The Mississippi Development Authority, the agency that oversaw the grants using a private contractor, said it cannot provide a breakdown between minority-owned and women-owned businesses awarded grants. It reported that 18,015, or 53%, of all applications received for the program were from minority or women-owned businesses.

MDA reported that the entire Back to Business program awarded grants to 21,200 businesses, totaling $118 million. Of those, 10,579 grants totaling $51.4 million were to minority and women-owned businesses.

“The short answer is, I don’t think we did a very good job as legislators in putting the program together,” said House Minority Leader Robert Johnson III, D-Natchez, who helped negotiate the programs, and the priority for minority and women-owned businesses. “It helped, but again, the whole process ended up being too cumbersome and restrictive. There were certain (lawmakers) who wanted to police the money more than make sure we got it out quickly to businesses … There were also people who didn’t want to do the (minority) set aside at all.”

READ MORE: CARES Act money was supposed to help Mississippi businesses. Did it?

Lawmakers in May of 2020 earmarked $300 million in federal CARES Act money for small businesses with two programs. One, funded at $240 million, would provide Back to Business grants up to $25,000 each to qualified businesses that applied. The other, funded at $60 million, would provide “automatic” grants of $2,000 each — no application necessary — to businesses shut down by state COVID-19 actions.

For the Back to Business program, $40 million for the first 60 days of the program was to be reserved for minority and women-owned businesses.

But the program moved slowly, and business owners reported problems navigating bureaucracy and red tape, and by August, only 1% of the Back to Business grant money had been given to businesses.

An analysis of the program by Mississippi Today showed that only about half of the $300 million was spent. The rest was redirected to other pandemic programs, such as rental assistance grants, help for hospitals and veterans, with the bulk swept into the state’s unemployment insurance fund.

Johnson said he hopes lawmakers have learned a lesson with the business grants programs as Mississippi receives more federal pandemic relief.

“We don’t need to make things too restrictive,” Johnson said. “… All (the federal government) had asked was that we verify it was going to small businesses.
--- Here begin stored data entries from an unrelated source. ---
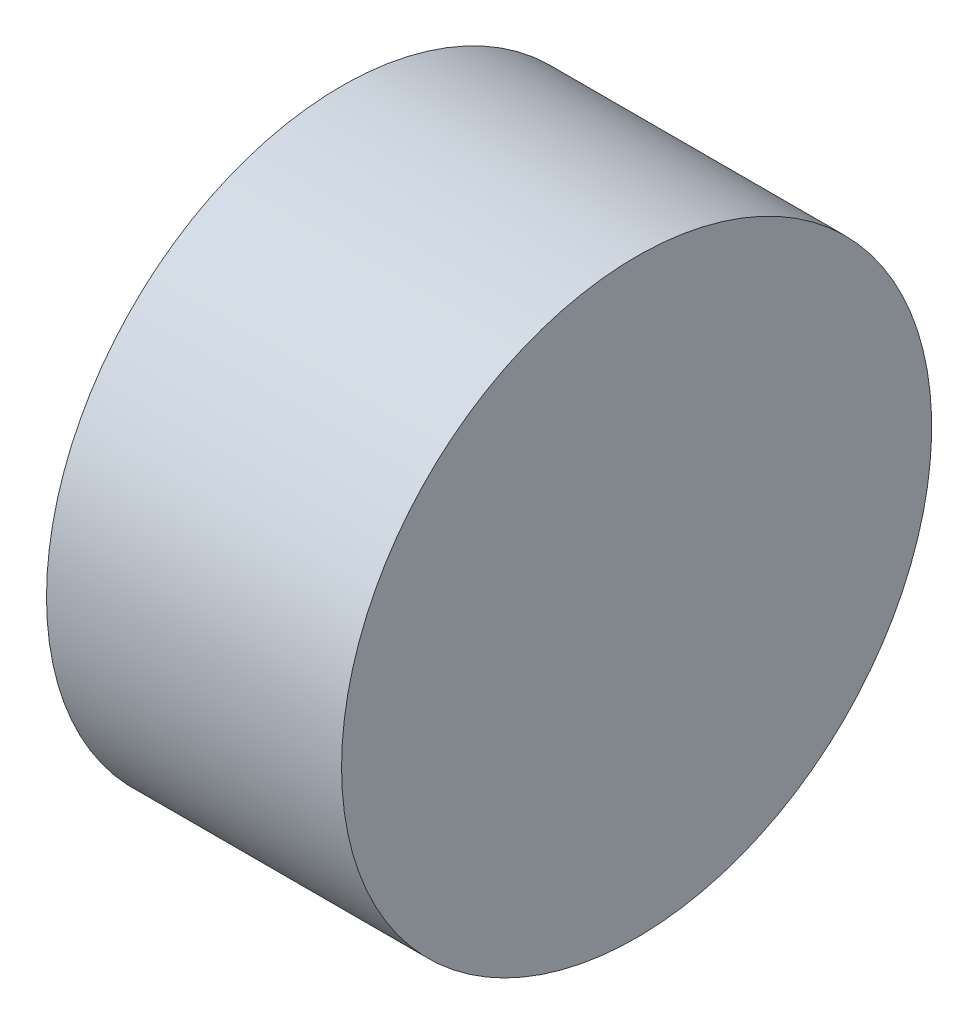
ISO-10303-21;
HEADER;
FILE_DESCRIPTION(('STEP AP214'),'2;1');
FILE_NAME('part.step','',(''),(''),'','','');
FILE_SCHEMA(('AUTOMOTIVE_DESIGN { 1 0 10303 214 1 1 1 1 }'));
ENDSEC;
DATA;
#1=APPLICATION_CONTEXT('core data for automotive mechanical design processes');
#2=APPLICATION_PROTOCOL_DEFINITION('international standard','automotive_design',2000,#1);
#3=PRODUCT_CONTEXT('',#1,'mechanical');
#4=PRODUCT('Part','Part','',(#3));
#5=PRODUCT_RELATED_PRODUCT_CATEGORY('part','',(#4));
#6=PRODUCT_DEFINITION_FORMATION('','',#4);
#7=PRODUCT_DEFINITION_CONTEXT('part definition',#1,'design');
#8=PRODUCT_DEFINITION('design','',#6,#7);
#9=PRODUCT_DEFINITION_SHAPE('','',#8);
#10=(LENGTH_UNIT() NAMED_UNIT(*) SI_UNIT(.MILLI.,.METRE.));
#11=(NAMED_UNIT(*) PLANE_ANGLE_UNIT() SI_UNIT($,.RADIAN.));
#12=(NAMED_UNIT(*) SI_UNIT($,.STERADIAN.) SOLID_ANGLE_UNIT());
#13=UNCERTAINTY_MEASURE_WITH_UNIT(LENGTH_MEASURE(1.E-05),#10,'distance_accuracy_value','');
#14=(GEOMETRIC_REPRESENTATION_CONTEXT(3) GLOBAL_UNCERTAINTY_ASSIGNED_CONTEXT((#13)) GLOBAL_UNIT_ASSIGNED_CONTEXT((#10,
#11,#12)) REPRESENTATION_CONTEXT('',''));
#15=CARTESIAN_POINT('',(0.,0.,0.));
#16=DIRECTION('',(0.,0.,1.));
#17=DIRECTION('',(1.,0.,0.));
#18=AXIS2_PLACEMENT_3D('',#15,#16,#17);
#19=CARTESIAN_POINT('',(13.5,12.7,0.));
#20=DIRECTION('',(0.,-1.,0.));
#21=DIRECTION('',(0.,0.,-1.));
#22=AXIS2_PLACEMENT_3D('',#19,#20,#21);
#23=PLANE('',#22);
#24=DIRECTION('',(0.,0.,-1.));
#25=VECTOR('',#24,1.);
#26=CARTESIAN_POINT('',(13.5,12.7,0.));
#27=LINE('',#26,#25);
#28=CARTESIAN_POINT('',(13.5,12.7,25.));
#29=VERTEX_POINT('',#28);
#30=CARTESIAN_POINT('',(13.5,12.7,-25.));
#31=VERTEX_POINT('',#30);
#32=EDGE_CURVE('E80',#29,#31,#27,.T.);
#33=ORIENTED_EDGE('',*,*,#32,.T.);
#34=CARTESIAN_POINT('',(13.5,12.7,0.));
#35=DIRECTION('',(0.,1.,0.));
#36=DIRECTION('',(0.,0.,-1.));
#37=AXIS2_PLACEMENT_3D('',#34,#35,#36);
#38=CIRCLE('',#37,25.);
#39=EDGE_CURVE('E59',#31,#29,#38,.T.);
#40=ORIENTED_EDGE('',*,*,#39,.T.);
#41=EDGE_LOOP('',(#33,#40));
#42=FACE_BOUND('',#41,.T.);
#43=CARTESIAN_POINT('',(0.,12.7,0.));
#44=DIRECTION('',(0.,1.,0.));
#45=DIRECTION('',(0.,0.,1.));
#46=AXIS2_PLACEMENT_3D('',#43,#44,#45);
#47=CIRCLE('',#46,3.75);
#48=CARTESIAN_POINT('',(0.,12.7,3.75));
#49=VERTEX_POINT('',#48);
#50=EDGE_CURVE('E75',#49,#49,#47,.T.);
#51=ORIENTED_EDGE('',*,*,#50,.F.);
#52=EDGE_LOOP('',(#51));
#53=FACE_BOUND('',#52,.T.);
#54=ADVANCED_FACE('F43',(#42,#53),#23,.F.);
#55=CARTESIAN_POINT('',(13.5,-12.7,0.));
#56=DIRECTION('',(0.,-1.,0.));
#57=DIRECTION('',(0.,0.,-1.));
#58=AXIS2_PLACEMENT_3D('',#55,#56,#57);
#59=PLANE('',#58);
#60=DIRECTION('',(0.,0.,-1.));
#61=VECTOR('',#60,1.);
#62=CARTESIAN_POINT('',(13.5,-12.7,0.));
#63=LINE('',#62,#61);
#64=CARTESIAN_POINT('',(13.5,-12.7,25.));
#65=VERTEX_POINT('',#64);
#66=CARTESIAN_POINT('',(13.5,-12.7,-25.));
#67=VERTEX_POINT('',#66);
#68=EDGE_CURVE('E68',#65,#67,#63,.T.);
#69=ORIENTED_EDGE('',*,*,#68,.F.);
#70=CARTESIAN_POINT('',(13.5,-12.7,0.));
#71=DIRECTION('',(0.,1.,0.));
#72=DIRECTION('',(0.,0.,-1.));
#73=AXIS2_PLACEMENT_3D('',#70,#71,#72);
#74=CIRCLE('',#73,25.);
#75=EDGE_CURVE('E74',#67,#65,#74,.T.);
#76=ORIENTED_EDGE('',*,*,#75,.F.);
#77=EDGE_LOOP('',(#69,#76));
#78=FACE_BOUND('',#77,.T.);
#79=CARTESIAN_POINT('',(0.,-12.7,0.));
#80=DIRECTION('',(0.,1.,0.));
#81=DIRECTION('',(0.,0.,1.));
#82=AXIS2_PLACEMENT_3D('',#79,#80,#81);
#83=CIRCLE('',#82,3.75);
#84=CARTESIAN_POINT('',(0.,-12.7,3.75));
#85=VERTEX_POINT('',#84);
#86=EDGE_CURVE('E85',#85,#85,#83,.T.);
#87=ORIENTED_EDGE('',*,*,#86,.T.);
#88=EDGE_LOOP('',(#87));
#89=FACE_BOUND('',#88,.T.);
#90=ADVANCED_FACE('F72',(#78,#89),#59,.T.);
#91=CARTESIAN_POINT('',(13.5,12.7,0.));
#92=DIRECTION('',(-1.,0.,0.));
#93=DIRECTION('',(0.,0.,1.));
#94=AXIS2_PLACEMENT_3D('',#91,#92,#93);
#95=PLANE('',#94);
#96=ORIENTED_EDGE('',*,*,#68,.T.);
#97=DIRECTION('',(0.,-1.,0.));
#98=VECTOR('',#97,1.);
#99=CARTESIAN_POINT('',(13.5,12.7,-25.));
#100=LINE('',#99,#98);
#101=EDGE_CURVE('E12',#31,#67,#100,.T.);
#102=ORIENTED_EDGE('',*,*,#101,.F.);
#103=ORIENTED_EDGE('',*,*,#32,.F.);
#104=DIRECTION('',(0.,-1.,0.));
#105=VECTOR('',#104,1.);
#106=CARTESIAN_POINT('',(13.5,12.7,25.));
#107=LINE('',#106,#105);
#108=EDGE_CURVE('E52',#29,#65,#107,.T.);
#109=ORIENTED_EDGE('',*,*,#108,.T.);
#110=EDGE_LOOP('',(#96,#102,#103,#109));
#111=FACE_BOUND('',#110,.T.);
#112=ADVANCED_FACE('F45',(#111),#95,.F.);
#113=CARTESIAN_POINT('',(13.5,12.7,0.));
#114=DIRECTION('',(0.,-1.,0.));
#115=DIRECTION('',(0.,0.,-1.));
#116=AXIS2_PLACEMENT_3D('',#113,#114,#115);
#117=CYLINDRICAL_SURFACE('',#116,25.);
#118=ORIENTED_EDGE('',*,*,#75,.T.);
#119=ORIENTED_EDGE('',*,*,#108,.F.);
#120=ORIENTED_EDGE('',*,*,#39,.F.);
#121=ORIENTED_EDGE('',*,*,#101,.T.);
#122=EDGE_LOOP('',(#118,#119,#120,#121));
#123=FACE_BOUND('',#122,.T.);
#124=ADVANCED_FACE('F78',(#123),#117,.T.);
#125=CARTESIAN_POINT('',(0.,12.7,0.));
#126=DIRECTION('',(0.,-1.,0.));
#127=DIRECTION('',(0.,0.,-1.));
#128=AXIS2_PLACEMENT_3D('',#125,#126,#127);
#129=CYLINDRICAL_SURFACE('',#128,3.75);
#130=ORIENTED_EDGE('',*,*,#50,.T.);
#131=EDGE_LOOP('',(#130));
#132=FACE_BOUND('',#131,.T.);
#133=ORIENTED_EDGE('',*,*,#86,.F.);
#134=EDGE_LOOP('',(#133));
#135=FACE_BOUND('',#134,.T.);
#136=ADVANCED_FACE('F91',(#132,#135),#129,.F.);
#137=CLOSED_SHELL('',(#54,#90,#112,#124,#136));
#138=MANIFOLD_SOLID_BREP('B2',#137);
#139=CARTESIAN_POINT('',(38.1,0.,0.));
#140=DIRECTION('',(-1.,0.,0.));
#141=DIRECTION('',(0.,0.,1.));
#142=AXIS2_PLACEMENT_3D('',#139,#140,#141);
#143=CYLINDRICAL_SURFACE('',#142,76.2);
#144=CARTESIAN_POINT('',(38.1,0.,0.));
#145=DIRECTION('',(1.,0.,0.));
#146=DIRECTION('',(0.,0.,-1.));
#147=AXIS2_PLACEMENT_3D('',#144,#145,#146);
#148=CIRCLE('',#147,76.2);
#149=CARTESIAN_POINT('',(38.1,0.,76.2));
#150=VERTEX_POINT('',#149);
#151=EDGE_CURVE('E42',#150,#150,#148,.T.);
#152=CARTESIAN_POINT('',(-38.1,0.,0.));
#153=DIRECTION('',(1.,0.,0.));
#154=DIRECTION('',(0.,0.,-1.));
#155=AXIS2_PLACEMENT_3D('',#152,#153,#154);
#156=CIRCLE('',#155,76.2);
#157=CARTESIAN_POINT('',(-38.1,0.,76.2));
#158=VERTEX_POINT('',#157);
#159=EDGE_CURVE('E142',#158,#158,#156,.T.);
#160=CARTESIAN_POINT('',(38.1,0.,76.2));
#161=CARTESIAN_POINT('',(37.30625,0.,76.2));
#162=CARTESIAN_POINT('',(36.5125,0.,76.2));
#163=CARTESIAN_POINT('',(34.925,0.,76.2));
#164=CARTESIAN_POINT('',(34.13125,0.,76.2));
#165=CARTESIAN_POINT('',(32.54375,0.,76.2));
#166=CARTESIAN_POINT('',(31.75,0.,76.2));
#167=CARTESIAN_POINT('',(30.1625,0.,76.2));
#168=CARTESIAN_POINT('',(29.36875,0.,76.2));
#169=CARTESIAN_POINT('',(27.78125,0.,76.2));
#170=CARTESIAN_POINT('',(26.9875,0.,76.2));
#171=CARTESIAN_POINT('',(25.4,0.,76.2));
#172=CARTESIAN_POINT('',(24.60625,0.,76.2));
#173=CARTESIAN_POINT('',(23.01875,0.,76.2));
#174=CARTESIAN_POINT('',(22.225,0.,76.2));
#175=CARTESIAN_POINT('',(20.6375,0.,76.2));
#176=CARTESIAN_POINT('',(19.84375,0.,76.2));
#177=CARTESIAN_POINT('',(18.25625,0.,76.2));
#178=CARTESIAN_POINT('',(17.4625,0.,76.2));
#179=CARTESIAN_POINT('',(15.875,0.,76.2));
#180=CARTESIAN_POINT('',(15.08125,0.,76.2));
#181=CARTESIAN_POINT('',(13.49375,0.,76.2));
#182=CARTESIAN_POINT('',(12.7,0.,76.2));
#183=CARTESIAN_POINT('',(11.1125,0.,76.2));
#184=CARTESIAN_POINT('',(10.31875,0.,76.2));
#185=CARTESIAN_POINT('',(8.73124999999999,0.,76.2));
#186=CARTESIAN_POINT('',(7.93749999999999,0.,76.2));
#187=CARTESIAN_POINT('',(6.35,0.,76.2));
#188=CARTESIAN_POINT('',(5.55625,0.,76.2));
#189=CARTESIAN_POINT('',(3.96875,0.,76.2));
#190=CARTESIAN_POINT('',(3.175,0.,76.2));
#191=CARTESIAN_POINT('',(1.5875,0.,76.2));
#192=CARTESIAN_POINT('',(0.793750000000001,0.,76.2));
#193=CARTESIAN_POINT('',(-0.793750000000001,0.,76.2));
#194=CARTESIAN_POINT('',(-1.5875,0.,76.2));
#195=CARTESIAN_POINT('',(-3.175,0.,76.2));
#196=CARTESIAN_POINT('',(-3.96875,0.,76.2));
#197=CARTESIAN_POINT('',(-5.55625,0.,76.2));
#198=CARTESIAN_POINT('',(-6.35,0.,76.2));
#199=CARTESIAN_POINT('',(-7.93750000000001,0.,76.2));
#200=CARTESIAN_POINT('',(-8.73125,0.,76.2));
#201=CARTESIAN_POINT('',(-10.31875,0.,76.2));
#202=CARTESIAN_POINT('',(-11.1125,0.,76.2));
#203=CARTESIAN_POINT('',(-12.7,0.,76.2));
#204=CARTESIAN_POINT('',(-13.49375,0.,76.2));
#205=CARTESIAN_POINT('',(-15.08125,0.,76.2));
#206=CARTESIAN_POINT('',(-15.875,0.,76.2));
#207=CARTESIAN_POINT('',(-17.4625,0.,76.2));
#208=CARTESIAN_POINT('',(-18.25625,0.,76.2));
#209=CARTESIAN_POINT('',(-19.84375,0.,76.2));
#210=CARTESIAN_POINT('',(-20.6375,0.,76.2));
#211=CARTESIAN_POINT('',(-22.225,0.,76.2));
#212=CARTESIAN_POINT('',(-23.01875,0.,76.2));
#213=CARTESIAN_POINT('',(-24.60625,0.,76.2));
#214=CARTESIAN_POINT('',(-25.4,0.,76.2));
#215=CARTESIAN_POINT('',(-26.9875,0.,76.2));
#216=CARTESIAN_POINT('',(-27.78125,0.,76.2));
#217=CARTESIAN_POINT('',(-29.36875,0.,76.2));
#218=CARTESIAN_POINT('',(-30.1625,0.,76.2));
#219=CARTESIAN_POINT('',(-31.75,0.,76.2));
#220=CARTESIAN_POINT('',(-32.54375,0.,76.2));
#221=CARTESIAN_POINT('',(-34.13125,0.,76.2));
#222=CARTESIAN_POINT('',(-34.925,0.,76.2));
#223=CARTESIAN_POINT('',(-36.5125,0.,76.2));
#224=CARTESIAN_POINT('',(-37.30625,0.,76.2));
#225=CARTESIAN_POINT('',(-38.1,0.,76.2));
#226=B_SPLINE_CURVE_WITH_KNOTS('',3,(#160,#161,#162,#163,#164,#165,#166,#167,#168,#169,#170,
#171,#172,#173,#174,#175,#176,#177,#178,#179,#180,#181,#182,#183,#184,#185,#186,#187,#188,#189,
#190,#191,#192,#193,#194,#195,#196,#197,#198,#199,#200,#201,#202,#203,#204,#205,#206,#207,#208,
#209,#210,#211,#212,#213,#214,#215,#216,#217,#218,#219,#220,#221,#222,#223,#224,#225),
.UNSPECIFIED.,.F.,.F.,(4,2,2,2,2,2,2,2,2,2,2,2,2,2,2,2,2,2,2,2,2,2,2,2,2,2,2,2,2,2,2,2,4),(0.,
2.38125,4.7625,7.14375,9.52500000000001,11.90625,14.2875,16.66875,19.05,21.43125,23.8125,
26.19375,28.575,30.95625,33.3375,35.71875,38.1,40.48125,42.8625,45.24375,47.625,50.00625,
52.3875,54.76875,57.15,59.53125,61.9125,64.29375,66.675,69.05625,71.4375,73.81875,76.2),.UNSPECIFIED.);
#227=EDGE_CURVE('BSEAM139',#150,#158,#226,.T.);
#228=ORIENTED_EDGE('',*,*,#151,.F.);
#229=ORIENTED_EDGE('',*,*,#159,.T.);
#230=ORIENTED_EDGE('',*,*,#227,.T.);
#231=ORIENTED_EDGE('',*,*,#227,.F.);
#232=EDGE_LOOP('',(#228,#230,#229,#231));
#233=FACE_BOUND('',#232,.T.);
#234=ADVANCED_FACE('F139',(#233),#143,.T.);
#235=CARTESIAN_POINT('',(38.1,0.,0.));
#236=DIRECTION('',(1.,0.,0.));
#237=DIRECTION('',(0.,0.,-1.));
#238=AXIS2_PLACEMENT_3D('',#235,#236,#237);
#239=PLANE('',#238);
#240=ORIENTED_EDGE('',*,*,#151,.T.);
#241=EDGE_LOOP('',(#240));
#242=FACE_BOUND('',#241,.T.);
#243=ADVANCED_FACE('F168',(#242),#239,.T.);
#244=CARTESIAN_POINT('',(-38.1,0.,0.));
#245=DIRECTION('',(1.,0.,0.));
#246=DIRECTION('',(0.,0.,-1.));
#247=AXIS2_PLACEMENT_3D('',#244,#245,#246);
#248=PLANE('',#247);
#249=CARTESIAN_POINT('',(-38.1,0.,0.));
#250=DIRECTION('',(-1.,0.,0.));
#251=DIRECTION('',(0.,0.,1.));
#252=AXIS2_PLACEMENT_3D('',#249,#250,#251);
#253=CIRCLE('',#252,63.5);
#254=CARTESIAN_POINT('',(-38.1,0.,63.5));
#255=VERTEX_POINT('',#254);
#256=EDGE_CURVE('E151',#255,#255,#253,.T.);
#257=ORIENTED_EDGE('',*,*,#256,.F.);
#258=EDGE_LOOP('',(#257));
#259=FACE_BOUND('',#258,.T.);
#260=ORIENTED_EDGE('',*,*,#159,.F.);
#261=EDGE_LOOP('',(#260));
#262=FACE_BOUND('',#261,.T.);
#263=ADVANCED_FACE('F162',(#259,#262),#248,.F.);
#264=CARTESIAN_POINT('',(13.5,0.,0.));
#265=DIRECTION('',(-1.,0.,0.));
#266=DIRECTION('',(0.,0.,1.));
#267=AXIS2_PLACEMENT_3D('',#264,#265,#266);
#268=CYLINDRICAL_SURFACE('',#267,63.5);
#269=CARTESIAN_POINT('',(13.5,0.,0.));
#270=DIRECTION('',(-1.,0.,0.));
#271=DIRECTION('',(0.,0.,1.));
#272=AXIS2_PLACEMENT_3D('',#269,#270,#271);
#273=CIRCLE('',#272,63.5);
#274=CARTESIAN_POINT('',(13.5,0.,63.5));
#275=VERTEX_POINT('',#274);
#276=EDGE_CURVE('E149',#275,#275,#273,.T.);
#277=CARTESIAN_POINT('',(13.5,0.,63.5));
#278=CARTESIAN_POINT('',(12.9625,0.,63.5));
#279=CARTESIAN_POINT('',(12.425,0.,63.5));
#280=CARTESIAN_POINT('',(11.35,0.,63.5));
#281=CARTESIAN_POINT('',(10.8125,0.,63.5));
#282=CARTESIAN_POINT('',(9.7375,0.,63.5));
#283=CARTESIAN_POINT('',(9.2,0.,63.5));
#284=CARTESIAN_POINT('',(8.125,0.,63.5));
#285=CARTESIAN_POINT('',(7.5875,0.,63.5));
#286=CARTESIAN_POINT('',(6.5125,0.,63.5));
#287=CARTESIAN_POINT('',(5.975,0.,63.5));
#288=CARTESIAN_POINT('',(4.9,0.,63.5));
#289=CARTESIAN_POINT('',(4.3625,0.,63.5));
#290=CARTESIAN_POINT('',(3.2875,0.,63.5));
#291=CARTESIAN_POINT('',(2.75,0.,63.5));
#292=CARTESIAN_POINT('',(1.675,0.,63.5));
#293=CARTESIAN_POINT('',(1.1375,0.,63.5));
#294=CARTESIAN_POINT('',(0.0624999999999983,0.,63.5));
#295=CARTESIAN_POINT('',(-0.475000000000001,0.,63.5));
#296=CARTESIAN_POINT('',(-1.55,0.,63.5));
#297=CARTESIAN_POINT('',(-2.0875,0.,63.5));
#298=CARTESIAN_POINT('',(-3.1625,0.,63.5));
#299=CARTESIAN_POINT('',(-3.7,0.,63.5));
#300=CARTESIAN_POINT('',(-4.775,0.,63.5));
#301=CARTESIAN_POINT('',(-5.3125,0.,63.5));
#302=CARTESIAN_POINT('',(-6.3875,0.,63.5));
#303=CARTESIAN_POINT('',(-6.925,0.,63.5));
#304=CARTESIAN_POINT('',(-8.,0.,63.5));
#305=CARTESIAN_POINT('',(-8.5375,0.,63.5));
#306=CARTESIAN_POINT('',(-9.6125,0.,63.5));
#307=CARTESIAN_POINT('',(-10.15,0.,63.5));
#308=CARTESIAN_POINT('',(-11.225,0.,63.5));
#309=CARTESIAN_POINT('',(-11.7625,0.,63.5));
#310=CARTESIAN_POINT('',(-12.8375,0.,63.5));
#311=CARTESIAN_POINT('',(-13.375,0.,63.5));
#312=CARTESIAN_POINT('',(-14.45,0.,63.5));
#313=CARTESIAN_POINT('',(-14.9875,0.,63.5));
#314=CARTESIAN_POINT('',(-16.0625,0.,63.5));
#315=CARTESIAN_POINT('',(-16.6,0.,63.5));
#316=CARTESIAN_POINT('',(-17.675,0.,63.5));
#317=CARTESIAN_POINT('',(-18.2125,0.,63.5));
#318=CARTESIAN_POINT('',(-19.2875,0.,63.5));
#319=CARTESIAN_POINT('',(-19.825,0.,63.5));
#320=CARTESIAN_POINT('',(-20.9,0.,63.5));
#321=CARTESIAN_POINT('',(-21.4375,0.,63.5));
#322=CARTESIAN_POINT('',(-22.5125,0.,63.5));
#323=CARTESIAN_POINT('',(-23.05,0.,63.5));
#324=CARTESIAN_POINT('',(-24.125,0.,63.5));
#325=CARTESIAN_POINT('',(-24.6625,0.,63.5));
#326=CARTESIAN_POINT('',(-25.7375,0.,63.5));
#327=CARTESIAN_POINT('',(-26.275,0.,63.5));
#328=CARTESIAN_POINT('',(-27.35,0.,63.5));
#329=CARTESIAN_POINT('',(-27.8875,0.,63.5));
#330=CARTESIAN_POINT('',(-28.9625,0.,63.5));
#331=CARTESIAN_POINT('',(-29.5,0.,63.5));
#332=CARTESIAN_POINT('',(-30.575,0.,63.5));
#333=CARTESIAN_POINT('',(-31.1125,0.,63.5));
#334=CARTESIAN_POINT('',(-32.1875,0.,63.5));
#335=CARTESIAN_POINT('',(-32.725,0.,63.5));
#336=CARTESIAN_POINT('',(-33.8,0.,63.5));
#337=CARTESIAN_POINT('',(-34.3375,0.,63.5));
#338=CARTESIAN_POINT('',(-35.4125,0.,63.5));
#339=CARTESIAN_POINT('',(-35.95,0.,63.5));
#340=CARTESIAN_POINT('',(-37.025,0.,63.5));
#341=CARTESIAN_POINT('',(-37.5625,0.,63.5));
#342=CARTESIAN_POINT('',(-38.1,0.,63.5));
#343=B_SPLINE_CURVE_WITH_KNOTS('',3,(#277,#278,#279,#280,#281,#282,#283,#284,#285,#286,#287,
#288,#289,#290,#291,#292,#293,#294,#295,#296,#297,#298,#299,#300,#301,#302,#303,#304,#305,#306,
#307,#308,#309,#310,#311,#312,#313,#314,#315,#316,#317,#318,#319,#320,#321,#322,#323,#324,#325,
#326,#327,#328,#329,#330,#331,#332,#333,#334,#335,#336,#337,#338,#339,#340,#341,#342),
.UNSPECIFIED.,.F.,.F.,(4,2,2,2,2,2,2,2,2,2,2,2,2,2,2,2,2,2,2,2,2,2,2,2,2,2,2,2,2,2,2,2,4),(0.,
1.6125,3.225,4.8375,6.45,8.0625,9.675,11.2875,12.9,14.5125,16.125,17.7375,19.35,20.9625,22.575,
24.1875,25.8,27.4125,29.025,30.6375,32.25,33.8625,35.475,37.0875,38.7,40.3125,41.925,43.5375,
45.15,46.7625,48.375,49.9875,51.6),.UNSPECIFIED.);
#344=EDGE_CURVE('BSEAM159',#275,#255,#343,.T.);
#345=ORIENTED_EDGE('',*,*,#276,.F.);
#346=ORIENTED_EDGE('',*,*,#256,.T.);
#347=ORIENTED_EDGE('',*,*,#344,.T.);
#348=ORIENTED_EDGE('',*,*,#344,.F.);
#349=EDGE_LOOP('',(#345,#347,#346,#348));
#350=FACE_BOUND('',#349,.T.);
#351=ADVANCED_FACE('F159',(#350),#268,.F.);
#352=CARTESIAN_POINT('',(13.5,0.,0.));
#353=DIRECTION('',(-1.,0.,0.));
#354=DIRECTION('',(0.,0.,1.));
#355=AXIS2_PLACEMENT_3D('',#352,#353,#354);
#356=PLANE('',#355);
#357=ORIENTED_EDGE('',*,*,#276,.T.);
#358=EDGE_LOOP('',(#357));
#359=FACE_BOUND('',#358,.T.);
#360=ADVANCED_FACE('F157',(#359),#356,.T.);
#361=CLOSED_SHELL('',(#234,#243,#263,#351,#360));
#362=MANIFOLD_SOLID_BREP('B6',#361);
#363=ADVANCED_BREP_SHAPE_REPRESENTATION('',(#18,#138,#362),#14);
#364=SHAPE_DEFINITION_REPRESENTATION(#9,#363);
ENDSEC;
END-ISO-10303-21;

But this was frustrated by certain members who were more intent on policing the money. This wasn’t just partisan, it was Democrats and Republicans. We had conservative House members, members of both parties, who were sitting there appalled that we made this so hard, so cumbersome that we ended up spending only half the money and not meeting the objective of the federal money, which was to get it into the hands of our small businesses to keep the economy going.”